Patrick Yip, a national financial services tax leader at Deloitte Touche Tohmatsu, said the tax withholding law required overseas companies which hired US citizens to withhold an amount of tax and pass it to the US Internal Revenue Service. It applies to US citizens who make more than US$97,600 a year – about HK$63,000 a month.
“But practically, Hong Kong and the US are two jurisdictions so I have never seen any companies here which comply with this law,” Yip said, adding there would be no penalty even in the case of non-compliance.
“Even the US companies in Hong Kong which have US employees don’t do it … no wonder the pilots have such big reactions because no one has ever heard about it.”

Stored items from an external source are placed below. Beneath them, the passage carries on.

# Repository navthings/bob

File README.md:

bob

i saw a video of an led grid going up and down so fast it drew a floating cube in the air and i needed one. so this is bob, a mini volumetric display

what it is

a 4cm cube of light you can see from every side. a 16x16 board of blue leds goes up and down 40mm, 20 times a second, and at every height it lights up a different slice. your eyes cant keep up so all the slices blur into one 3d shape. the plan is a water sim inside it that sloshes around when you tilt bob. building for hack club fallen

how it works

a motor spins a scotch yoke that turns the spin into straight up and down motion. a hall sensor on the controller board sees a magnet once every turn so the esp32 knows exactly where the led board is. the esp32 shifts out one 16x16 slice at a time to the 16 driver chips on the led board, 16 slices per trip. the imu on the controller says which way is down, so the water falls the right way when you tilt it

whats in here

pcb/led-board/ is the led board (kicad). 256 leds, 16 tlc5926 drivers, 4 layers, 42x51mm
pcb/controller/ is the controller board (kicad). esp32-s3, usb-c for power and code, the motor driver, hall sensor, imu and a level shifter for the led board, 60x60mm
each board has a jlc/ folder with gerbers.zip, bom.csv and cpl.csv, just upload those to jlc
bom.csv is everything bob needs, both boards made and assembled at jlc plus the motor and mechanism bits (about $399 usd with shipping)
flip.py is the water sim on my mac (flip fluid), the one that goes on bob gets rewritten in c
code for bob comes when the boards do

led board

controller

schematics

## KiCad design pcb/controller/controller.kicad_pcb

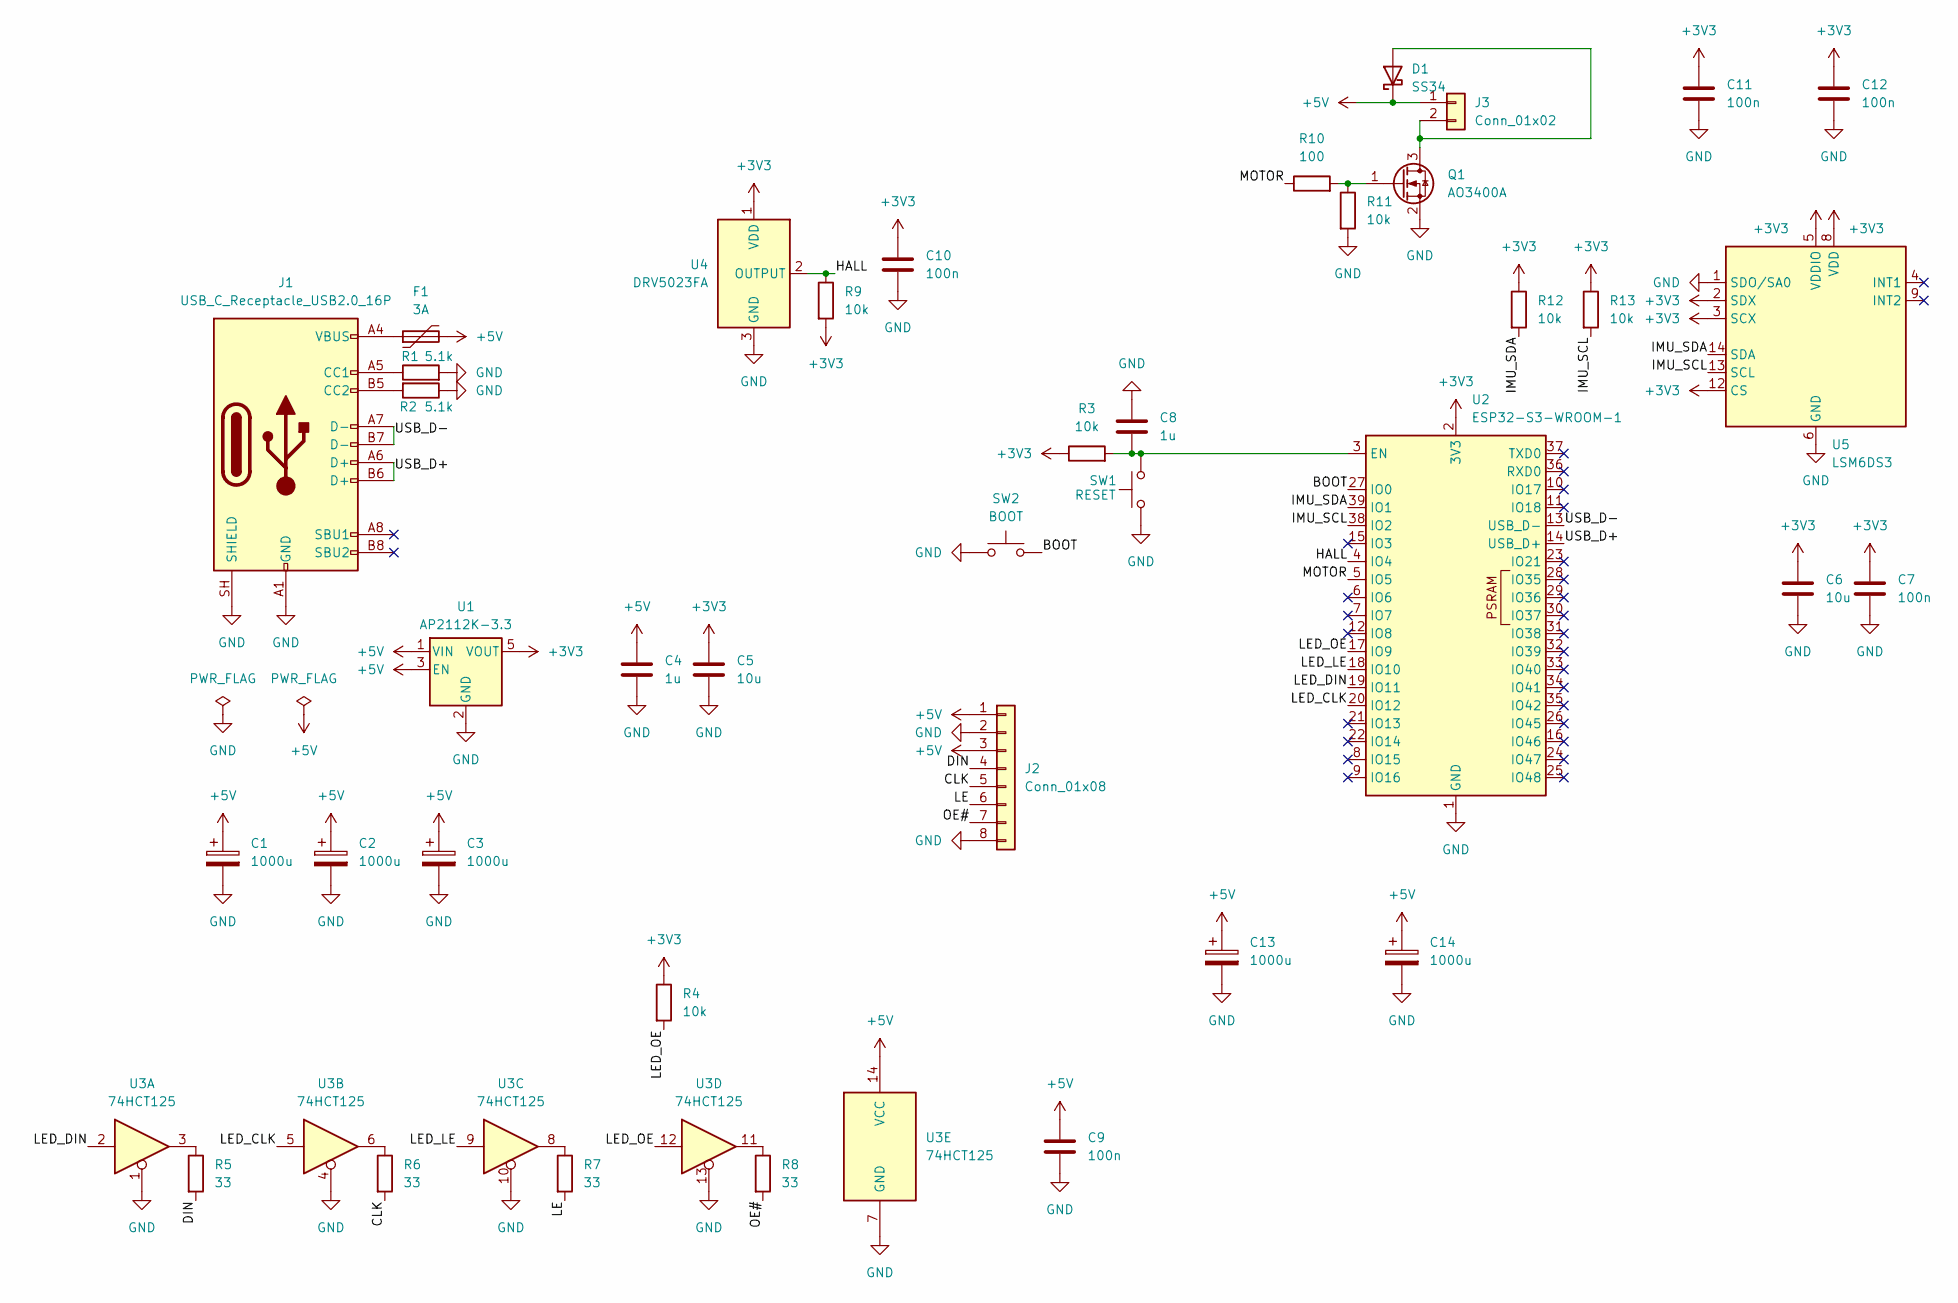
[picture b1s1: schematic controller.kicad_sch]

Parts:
C1, C2, C3, C13, C14: 1000u; CP_Elec_10x10.5
C4, C8: 1u; C_0603_1608Metric
C5, C6: 10u; C_0603_1608Metric
C7, C9, C10, C11, C12: 100n; C_0603_1608Metric
D1: SS34; D_SMA
F1: 3A; Fuse_1812_4532Metric
J1: USB_C_Receptacle_USB2.0_16P; USB_C_Receptacle_HRO_TYPE-C-31-M-12
J2: Conn_01x08; PinHeader_1x08_P2.54mm_Vertical
J3: Conn_01x02; JST_XH_B2B-XH-A_1x02_P2.50mm_Vertical
Q1: AO3400A; SOT-23
R1, R2: 5.1k; R_0603_1608Metric
R3, R4, R9, R11, R12, R13: 10k; R_0603_1608Metric
R5, R6, R7, R8: 33; R_0603_1608Metric
R10: 100; R_0603_1608Metric
SW1: RESET; SW_Push_1P1T_XKB_TS-1187A
SW2: BOOT; SW_Push_1P1T_XKB_TS-1187A
U1: AP2112K-3.3; SOT-23-5
U2: ESP32-S3-WROOM-1
U3: 74HCT125; SOIC-14_3.9x8.7mm_P1.27mm
U4: DRV5023FA; SOT-23
U5: LSM6DS3; LGA-14_3x2.5mm_P0.5mm_LayoutBorder3x4y

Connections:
+3V3: C5.1, C6.1, C7.1, C10.1, C11.1, C12.1, R3.1, R4.1, R9.2, R12.1, R13.1, U1.5 (VOUT), U2.2 (3V3), U4.1 (VDD), U5.2 (SDX), U5.3 (SCX), U5.5 (VDDIO), U5.8 (VDD), U5.12 (CS)
+5V: C1.1, C2.1, C3.1, C4.1, C9.1, C13.1, C14.1, D1.1 (K), F1.2, J2.1, J2.3, J3.1, U1.1 (VIN), U1.3 (EN), U3.14 (VCC)
/BOOT: SW2.2, U2.27 (IO0)
/CLK: J2.5, R6.2
/DIN: J2.4, R5.2
/HALL: R9.1, U2.4 (IO4), U4.2 (OUTPUT)
/IMU_SCL: R13.2, U2.38 (IO2), U5.13 (SCL)
/IMU_SDA: R12.2, U2.39 (IO1), U5.14 (SDA)
/LE: J2.6, R7.2
/LED_CLK: U2.20 (IO12), U3.5
/LED_DIN: U2.19 (IO11), U3.2
/LED_LE: U2.18 (IO10), U3.9
/LED_OE: R4.2, U2.17 (IO9), U3.12
/MOTOR: R10.1, U2.5 (IO5)
/OE#: J2.7, R8.2
/USB_D+: J1.A6 (D+), J1.B6 (D+), U2.14 (USB_D+)
/USB_D-: J1.A7 (D-), J1.B7 (D-), U2.13 (USB_D-)
GND: C1.2, C2.2, C3.2, C4.2, C5.2, C6.2, C7.2, C8.1, C9.2, C10.2, C11.2, C12.2, C13.2, C14.2, J1.A1 (GND), J1.A12 (GND), J1.B1 (GND), J1.B12 (GND), J1.SH (SHIELD), J2.2, J2.8, Q1.2 (S), R1.2, R2.1, R11.2, SW1.1, SW2.1, U1.2 (GND), U2.1 (GND), U2.40 (GND), U2.41 (GND), U3.1, U3.4, U3.7 (GND), U3.10, U3.13, U4.3 (GND), U5.1 (SDO/SA0), U5.6 (GND), U5.7 (GND)
unnamed: D1.2 (A), J3.2, Q1.3 (D)
unnamed: F1.1, J1.A4 (VBUS), J1.A9 (VBUS), J1.B4 (VBUS), J1.B9 (VBUS)
unnamed: J1.A5 (CC1), R1.1
unnamed: J1.B5 (CC2), R2.2
unnamed: Q1.1 (G), R10.2, R11.1
unnamed: R5.1, U3.3
unnamed: R6.1, U3.6
unnamed: R7.1, U3.8
unnamed: R8.1, U3.11
unnamed: C8.2, R3.2, SW1.2, U2.3 (EN)

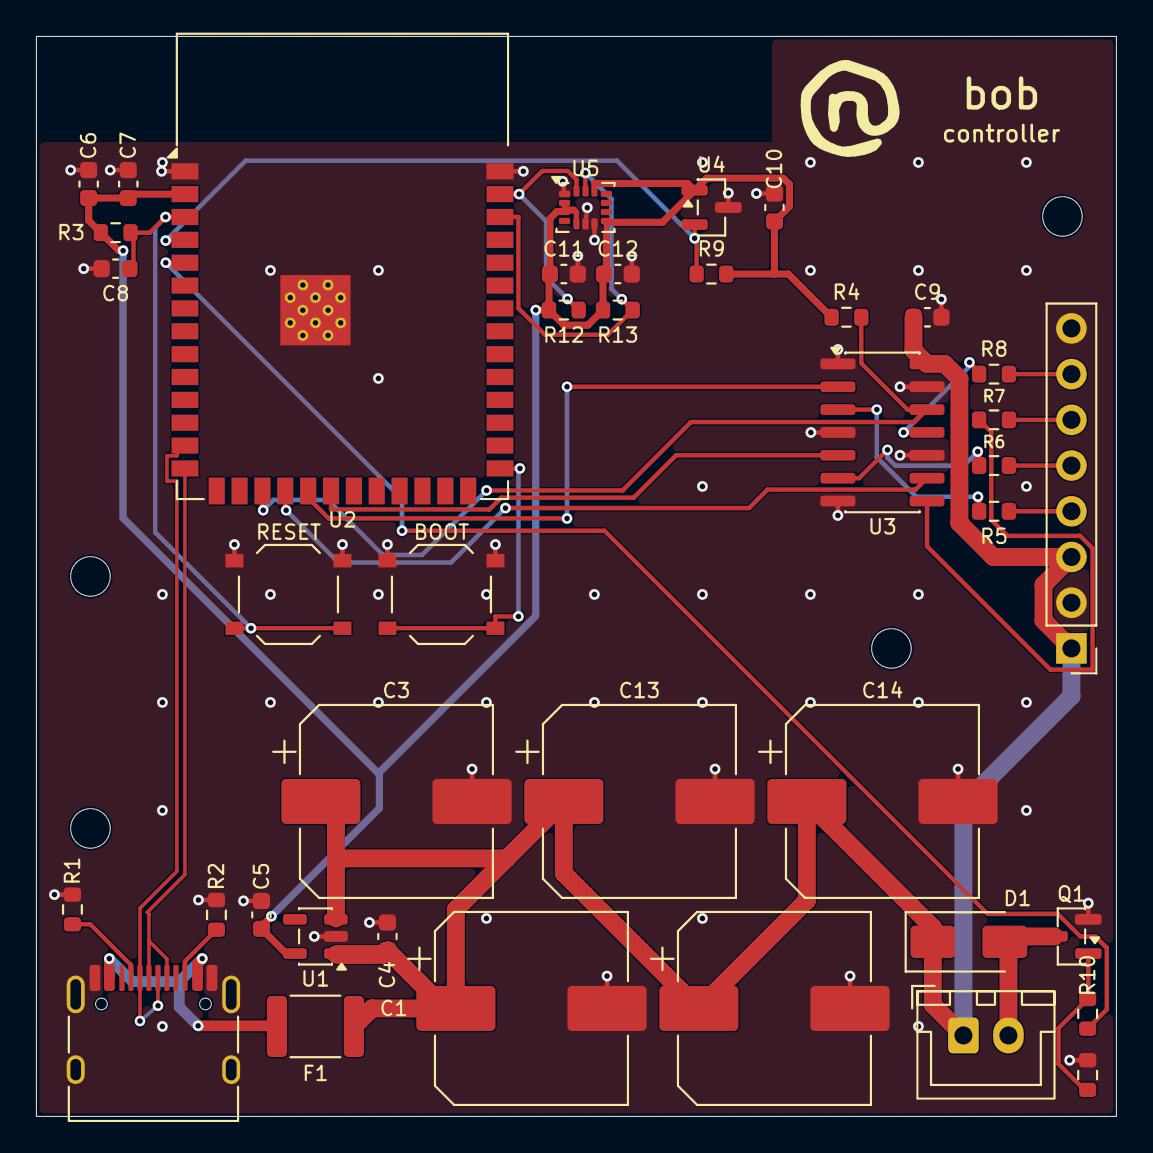
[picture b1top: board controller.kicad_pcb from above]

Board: 2 copper layers, 60.0 x 60.0 mm, 44 parts (0 on the bottom side), 28 nets.

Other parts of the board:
H1, H2, H3, H4: MountingHole_2.2mm_M2

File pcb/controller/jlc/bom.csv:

Comment,Designator,Footprint,LCSC Part #
1000u,"C1,C2,C3,C13,C14",CP_Elec_10x10.5,C3039783
1u,"C4,C8",C_0603_1608Metric,C15849
10u,"C5,C6",C_0603_1608Metric,C19702
100n,"C7,C9,C10,C11,C12",C_0603_1608Metric,C14663
SS34,D1,D_SMA,C8678
3A,F1,Fuse_1812_4532Metric,C2892442
USB_C_Receptacle_USB2.0_16P,J1,USB_C_Receptacle_HRO_TYPE-C-31-M-12,C165948
Conn_01x08,J2,PinHeader_1x08_P2.54mm_Vertical,C124381
Conn_01x02,J3,JST_XH_B2B-XH-A_1x02_P2.50mm_Vertical,C158012
AO3400A,Q1,SOT-23,C20917
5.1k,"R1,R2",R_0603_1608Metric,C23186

Cathay will start withholding tax from the second quarter of the year, and pilots said it would affect 300 to 500 of them – up to 18 per cent of cockpit crew.
The pilots said they already had to pay Hong Kong and US taxes, but before Cathay changed its policy they could file US taxes themselves once a year.
CPA Australia’s divisional president for Greater China, Ronald Yam, and the chair professor of accounting at the University of Hong Kong, Amy Lau Hing-ling, said they had not heard of a local company withholding US employees’ taxes.
As for Fatca, it was passed into law in 2010 but will only take effect in July this year.
The anti-tax evasion law requires foreign financial institutions such as banks to declare to US tax authorities the foreign holdings of anyone liable under US tax.
“The US Internal Revenue Service is actively seeking airlines flying into the US to ensure they are fully compliant with all US income tax requirements,” Cathay said. “As an international airline flying into the US, we are working with the IRS on this compliance.”
Cathay added that no disclosure of information would be made to the IRS without “notifying” the pilots.
Yip, an expert on Fatca, said that if Cathay did not comply, the US tax authorities would withhold 30 per cent of its US-source income.
He said it was “strange” that the tax authorities had demanded airlines declare pilots’ financial details because airlines were not financial institutions.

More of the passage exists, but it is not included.